> THE TASK:
Exact reproduction of the following data is required.

> DATA FOR THIS EXERCISE:
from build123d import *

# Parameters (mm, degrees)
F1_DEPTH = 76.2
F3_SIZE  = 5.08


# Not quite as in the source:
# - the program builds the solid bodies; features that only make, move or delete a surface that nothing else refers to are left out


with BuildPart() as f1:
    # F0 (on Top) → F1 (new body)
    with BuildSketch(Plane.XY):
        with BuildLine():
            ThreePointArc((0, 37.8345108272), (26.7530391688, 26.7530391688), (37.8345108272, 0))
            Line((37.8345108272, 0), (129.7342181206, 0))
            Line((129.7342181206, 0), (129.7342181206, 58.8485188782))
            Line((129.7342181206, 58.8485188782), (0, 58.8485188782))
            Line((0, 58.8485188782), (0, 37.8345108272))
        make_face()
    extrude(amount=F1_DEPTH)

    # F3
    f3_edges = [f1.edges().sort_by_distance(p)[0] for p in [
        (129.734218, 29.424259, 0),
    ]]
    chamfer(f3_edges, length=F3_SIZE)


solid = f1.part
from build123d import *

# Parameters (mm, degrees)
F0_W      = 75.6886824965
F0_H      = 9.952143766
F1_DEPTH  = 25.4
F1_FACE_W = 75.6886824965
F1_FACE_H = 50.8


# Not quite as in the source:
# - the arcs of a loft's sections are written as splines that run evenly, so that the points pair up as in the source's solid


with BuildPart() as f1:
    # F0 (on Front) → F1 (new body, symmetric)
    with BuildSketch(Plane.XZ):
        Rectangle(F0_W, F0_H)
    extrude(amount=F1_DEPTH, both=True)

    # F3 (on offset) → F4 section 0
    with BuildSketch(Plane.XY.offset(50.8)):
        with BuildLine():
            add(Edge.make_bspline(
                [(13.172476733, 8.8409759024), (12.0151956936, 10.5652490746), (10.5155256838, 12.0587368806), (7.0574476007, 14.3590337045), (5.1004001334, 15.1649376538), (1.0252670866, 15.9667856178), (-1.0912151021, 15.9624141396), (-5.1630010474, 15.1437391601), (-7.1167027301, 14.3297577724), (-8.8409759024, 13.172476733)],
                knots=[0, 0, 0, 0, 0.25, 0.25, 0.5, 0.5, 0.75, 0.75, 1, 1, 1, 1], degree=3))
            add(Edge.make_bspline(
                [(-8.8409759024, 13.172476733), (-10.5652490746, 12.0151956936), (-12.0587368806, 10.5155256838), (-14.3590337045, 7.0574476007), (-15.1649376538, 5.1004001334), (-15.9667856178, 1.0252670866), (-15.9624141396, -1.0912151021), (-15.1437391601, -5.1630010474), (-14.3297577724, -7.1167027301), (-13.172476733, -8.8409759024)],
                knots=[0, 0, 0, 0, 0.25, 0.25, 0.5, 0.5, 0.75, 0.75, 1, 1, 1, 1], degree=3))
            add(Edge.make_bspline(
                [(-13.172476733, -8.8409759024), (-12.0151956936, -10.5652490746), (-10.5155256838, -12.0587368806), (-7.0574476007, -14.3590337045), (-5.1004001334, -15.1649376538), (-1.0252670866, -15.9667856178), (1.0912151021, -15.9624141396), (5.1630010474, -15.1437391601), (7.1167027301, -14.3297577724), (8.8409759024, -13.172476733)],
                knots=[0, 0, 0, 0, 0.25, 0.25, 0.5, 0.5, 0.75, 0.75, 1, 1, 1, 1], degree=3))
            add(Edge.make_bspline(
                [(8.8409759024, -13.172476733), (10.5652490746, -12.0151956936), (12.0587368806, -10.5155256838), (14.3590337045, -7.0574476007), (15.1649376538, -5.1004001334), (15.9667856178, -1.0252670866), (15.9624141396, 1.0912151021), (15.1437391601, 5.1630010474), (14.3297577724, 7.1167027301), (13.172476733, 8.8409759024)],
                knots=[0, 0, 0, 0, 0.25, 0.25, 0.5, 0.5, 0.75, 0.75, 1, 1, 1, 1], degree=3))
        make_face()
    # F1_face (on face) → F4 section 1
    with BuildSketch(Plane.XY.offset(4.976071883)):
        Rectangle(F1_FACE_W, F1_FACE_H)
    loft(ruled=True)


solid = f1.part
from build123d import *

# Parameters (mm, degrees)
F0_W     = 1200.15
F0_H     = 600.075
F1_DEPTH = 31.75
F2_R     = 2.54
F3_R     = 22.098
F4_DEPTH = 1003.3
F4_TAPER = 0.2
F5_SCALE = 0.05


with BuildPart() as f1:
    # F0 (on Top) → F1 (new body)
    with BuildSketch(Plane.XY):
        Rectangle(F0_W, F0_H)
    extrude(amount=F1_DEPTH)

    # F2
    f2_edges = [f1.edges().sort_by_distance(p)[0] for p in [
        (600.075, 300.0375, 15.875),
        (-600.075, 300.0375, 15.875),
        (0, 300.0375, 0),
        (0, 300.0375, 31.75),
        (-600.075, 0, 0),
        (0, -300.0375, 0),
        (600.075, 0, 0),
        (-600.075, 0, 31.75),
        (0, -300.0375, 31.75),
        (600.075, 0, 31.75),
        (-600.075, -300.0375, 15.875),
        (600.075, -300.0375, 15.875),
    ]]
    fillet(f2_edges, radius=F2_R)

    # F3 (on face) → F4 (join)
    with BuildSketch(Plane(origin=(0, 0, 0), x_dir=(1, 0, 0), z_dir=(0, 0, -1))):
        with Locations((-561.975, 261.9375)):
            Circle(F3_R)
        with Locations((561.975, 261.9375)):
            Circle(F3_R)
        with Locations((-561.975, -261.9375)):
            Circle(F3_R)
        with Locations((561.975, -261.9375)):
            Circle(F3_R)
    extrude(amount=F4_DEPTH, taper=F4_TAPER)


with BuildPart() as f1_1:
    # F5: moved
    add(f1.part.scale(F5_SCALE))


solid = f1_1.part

> ANSWER AREA:
from build123d import *

# Parameters (mm, degrees)
F1_DEPTH = 76.2
F3_SIZE  = 5.08


# Not quite as in the source:
# - the program builds the solid bodies; features that only make, move or delete a surface that nothing else refers to are left out


with BuildPart() as f1:
    # F0 (on Top) → F1 (new body)
    with BuildSketch(Plane.XY):
        with BuildLine():
            ThreePointArc((0, 37.8345108272), (26.7530391688, 26.7530391688), (37.8345108272, 0))
            Line((37.8345108272, 0), (129.7342181206, 0))
            Line((129.7342181206, 0), (129.7342181206, 58.8485188782))
            Line((129.7342181206, 58.8485188782), (0, 58.8485188782))
            Line((0, 58.8485188782), (0, 37.8345108272))
        make_face()
    extrude(amount=F1_DEPTH)

    # F3
    f3_edges = [f1.edges().sort_by_distance(p)[0] for p in [
        (129.734218, 29.424259, 0),
    ]]
    chamfer(f3_edges, length=F3_SIZE)


solid = f1.part
from build123d import *

# Parameters (mm, degrees)
F0_W      = 75.6886824965
F0_H      = 9.952143766
F1_DEPTH  = 25.4
F1_FACE_W = 75.6886824965
F1_FACE_H = 50.8


# Not quite as in the source:
# - the arcs of a loft's sections are written as splines that run evenly, so that the points pair up as in the source's solid


with BuildPart() as f1:
    # F0 (on Front) → F1 (new body, symmetric)
    with BuildSketch(Plane.XZ):
        Rectangle(F0_W, F0_H)
    extrude(amount=F1_DEPTH, both=True)

    # F3 (on offset) → F4 section 0
    with BuildSketch(Plane.XY.offset(50.8)):
        with BuildLine():
            add(Edge.make_bspline(
                [(13.172476733, 8.8409759024), (12.0151956936, 10.5652490746), (10.5155256838, 12.0587368806), (7.0574476007, 14.3590337045), (5.1004001334, 15.1649376538), (1.0252670866, 15.9667856178), (-1.0912151021, 15.9624141396), (-5.1630010474, 15.1437391601), (-7.1167027301, 14.3297577724), (-8.8409759024, 13.172476733)],
                knots=[0, 0, 0, 0, 0.25, 0.25, 0.5, 0.5, 0.75, 0.75, 1, 1, 1, 1], degree=3))
            add(Edge.make_bspline(
                [(-8.8409759024, 13.172476733), (-10.5652490746, 12.0151956936), (-12.0587368806, 10.5155256838), (-14.3590337045, 7.0574476007), (-15.1649376538, 5.1004001334), (-15.9667856178, 1.0252670866), (-15.9624141396, -1.0912151021), (-15.1437391601, -5.1630010474), (-14.3297577724, -7.1167027301), (-13.172476733, -8.8409759024)],
                knots=[0, 0, 0, 0, 0.25, 0.25, 0.5, 0.5, 0.75, 0.75, 1, 1, 1, 1], degree=3))
            add(Edge.make_bspline(
                [(-13.172476733, -8.8409759024), (-12.0151956936, -10.5652490746), (-10.5155256838, -12.0587368806), (-7.0574476007, -14.3590337045), (-5.1004001334, -15.1649376538), (-1.0252670866, -15.9667856178), (1.0912151021, -15.9624141396), (5.1630010474, -15.1437391601), (7.1167027301, -14.3297577724), (8.8409759024, -13.172476733)],
                knots=[0, 0, 0, 0, 0.25, 0.25, 0.5, 0.5, 0.75, 0.75, 1, 1, 1, 1], degree=3))
            add(Edge.make_bspline(
                [(8.8409759024, -13.172476733), (10.5652490746, -12.0151956936), (12.0587368806, -10.5155256838), (14.3590337045, -7.0574476007), (15.1649376538, -5.1004001334), (15.9667856178, -1.0252670866), (15.9624141396, 1.0912151021), (15.1437391601, 5.1630010474), (14.3297577724, 7.1167027301), (13.172476733, 8.8409759024)],
                knots=[0, 0, 0, 0, 0.25, 0.25, 0.5, 0.5, 0.75, 0.75, 1, 1, 1, 1], degree=3))
        make_face()
    # F1_face (on face) → F4 section 1
    with BuildSketch(Plane.XY.offset(4.976071883)):
        Rectangle(F1_FACE_W, F1_FACE_H)
    loft(ruled=True)


solid = f1.part
from build123d import *

# Parameters (mm, degrees)
F0_W     = 1200.15
F0_H     = 600.075
F1_DEPTH = 31.75
F2_R     = 2.54
F3_R     = 22.098
F4_DEPTH = 1003.3
F4_TAPER = 0.2
F5_SCALE = 0.05


with BuildPart() as f1:
    # F0 (on Top) → F1 (new body)
    with BuildSketch(Plane.XY):
        Rectangle(F0_W, F0_H)
    extrude(amount=F1_DEPTH)

    # F2
    f2_edges = [f1.edges().sort_by_distance(p)[0] for p in [
        (600.075, 300.0375, 15.875),
        (-600.075, 300.0375, 15.875),
        (0, 300.0375, 0),
        (0, 300.0375, 31.75),
        (-600.075, 0, 0),
        (0, -300.0375, 0),
        (600.075, 0, 0),
        (-600.075, 0, 31.75),
        (0, -300.0375, 31.75),
        (600.075, 0, 31.75),
        (-600.075, -300.0375, 15.875),
        (600.075, -300.0375, 15.875),
    ]]
    fillet(f2_edges, radius=F2_R)

    # F3 (on face) → F4 (join)
    with BuildSketch(Plane(origin=(0, 0, 0), x_dir=(1, 0, 0), z_dir=(0, 0, -1))):
        with Locations((-561.975, 261.9375)):
            Circle(F3_R)
        with Locations((561.975, 261.9375)):
            Circle(F3_R)
        with Locations((-561.975, -261.9375)):
            Circle(F3_R)
        with Locations((561.975, -261.9375)):
            Circle(F3_R)
    extrude(amount=F4_DEPTH, taper=F4_TAPER)


with BuildPart() as f1_1:
    # F5: moved
    add(f1.part.scale(F5_SCALE))


solid = f1_1.part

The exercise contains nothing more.